• **WORK INSTRUCTION**
Your task is to restate exactly the lines from the one holding "msp = doc.modelspace()" to the end of the entries below, inclusive.

• **Saved entries**
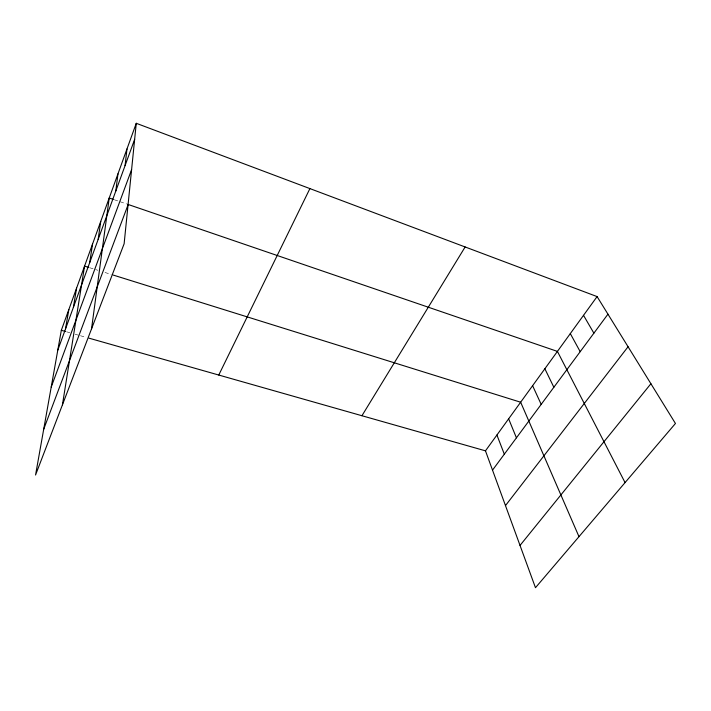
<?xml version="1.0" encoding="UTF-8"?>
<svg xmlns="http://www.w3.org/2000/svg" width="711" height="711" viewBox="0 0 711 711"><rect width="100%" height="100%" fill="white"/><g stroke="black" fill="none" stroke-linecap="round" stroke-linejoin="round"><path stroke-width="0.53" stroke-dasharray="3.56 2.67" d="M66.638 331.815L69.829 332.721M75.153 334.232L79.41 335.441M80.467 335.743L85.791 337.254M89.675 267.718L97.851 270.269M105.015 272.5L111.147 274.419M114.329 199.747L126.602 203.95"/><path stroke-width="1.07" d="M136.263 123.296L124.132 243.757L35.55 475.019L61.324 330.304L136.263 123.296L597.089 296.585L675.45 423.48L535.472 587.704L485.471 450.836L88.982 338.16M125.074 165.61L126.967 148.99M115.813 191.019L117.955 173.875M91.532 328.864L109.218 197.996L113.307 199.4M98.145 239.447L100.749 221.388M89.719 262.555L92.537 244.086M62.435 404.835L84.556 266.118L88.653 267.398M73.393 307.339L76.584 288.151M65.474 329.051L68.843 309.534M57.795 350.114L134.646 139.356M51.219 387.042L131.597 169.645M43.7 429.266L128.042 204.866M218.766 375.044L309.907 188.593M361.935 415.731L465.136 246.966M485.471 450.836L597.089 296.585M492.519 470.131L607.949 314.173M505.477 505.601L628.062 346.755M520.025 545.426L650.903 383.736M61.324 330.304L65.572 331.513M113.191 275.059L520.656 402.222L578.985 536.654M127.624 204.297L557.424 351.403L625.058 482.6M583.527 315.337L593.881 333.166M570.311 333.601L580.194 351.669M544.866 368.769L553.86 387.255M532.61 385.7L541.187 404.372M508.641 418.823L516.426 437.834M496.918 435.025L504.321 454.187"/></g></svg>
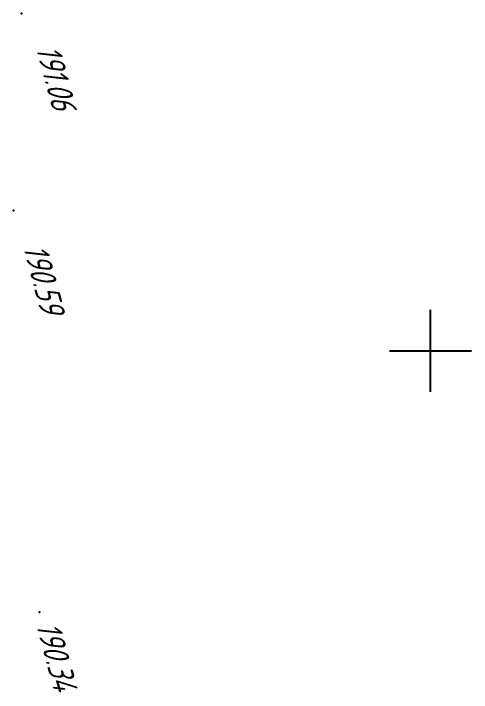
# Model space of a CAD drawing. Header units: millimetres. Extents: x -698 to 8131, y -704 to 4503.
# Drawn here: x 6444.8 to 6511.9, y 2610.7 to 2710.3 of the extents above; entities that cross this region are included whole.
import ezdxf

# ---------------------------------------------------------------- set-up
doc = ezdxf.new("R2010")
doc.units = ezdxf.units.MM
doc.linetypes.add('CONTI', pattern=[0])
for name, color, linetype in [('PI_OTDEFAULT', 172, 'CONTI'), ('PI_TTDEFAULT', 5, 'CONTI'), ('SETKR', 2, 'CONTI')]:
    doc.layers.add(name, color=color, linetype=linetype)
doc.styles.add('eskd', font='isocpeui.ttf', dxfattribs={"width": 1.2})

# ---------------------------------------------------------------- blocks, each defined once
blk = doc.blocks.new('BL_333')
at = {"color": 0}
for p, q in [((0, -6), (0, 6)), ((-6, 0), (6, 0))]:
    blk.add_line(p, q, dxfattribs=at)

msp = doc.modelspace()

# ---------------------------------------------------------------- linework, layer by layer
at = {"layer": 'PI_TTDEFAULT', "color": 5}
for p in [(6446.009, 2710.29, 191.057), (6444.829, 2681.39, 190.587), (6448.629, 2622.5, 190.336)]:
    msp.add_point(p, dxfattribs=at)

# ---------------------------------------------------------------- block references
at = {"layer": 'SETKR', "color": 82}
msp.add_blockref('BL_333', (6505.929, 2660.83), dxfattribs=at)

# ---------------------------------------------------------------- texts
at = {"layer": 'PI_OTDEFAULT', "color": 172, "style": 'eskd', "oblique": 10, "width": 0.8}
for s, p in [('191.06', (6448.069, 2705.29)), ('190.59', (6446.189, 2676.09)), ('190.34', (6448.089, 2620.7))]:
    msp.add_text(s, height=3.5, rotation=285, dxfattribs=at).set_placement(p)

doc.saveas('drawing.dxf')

• **EXERCISE SOLUTION**
msp = doc.modelspace()

# ---------------------------------------------------------------- linework, layer by layer
at = {"layer": 'PI_TTDEFAULT', "color": 5}
for p in [(6446.009, 2710.29, 191.057), (6444.829, 2681.39, 190.587), (6448.629, 2622.5, 190.336)]:
    msp.add_point(p, dxfattribs=at)

# ---------------------------------------------------------------- block references
at = {"layer": 'SETKR', "color": 82}
msp.add_blockref('BL_333', (6505.929, 2660.83), dxfattribs=at)

# ---------------------------------------------------------------- texts
at = {"layer": 'PI_OTDEFAULT', "color": 172, "style": 'eskd', "oblique": 10, "width": 0.8}
for s, p in [('191.06', (6448.069, 2705.29)), ('190.59', (6446.189, 2676.09)), ('190.34', (6448.089, 2620.7))]:
    msp.add_text(s, height=3.5, rotation=285, dxfattribs=at).set_placement(p)

doc.saveas('drawing.dxf')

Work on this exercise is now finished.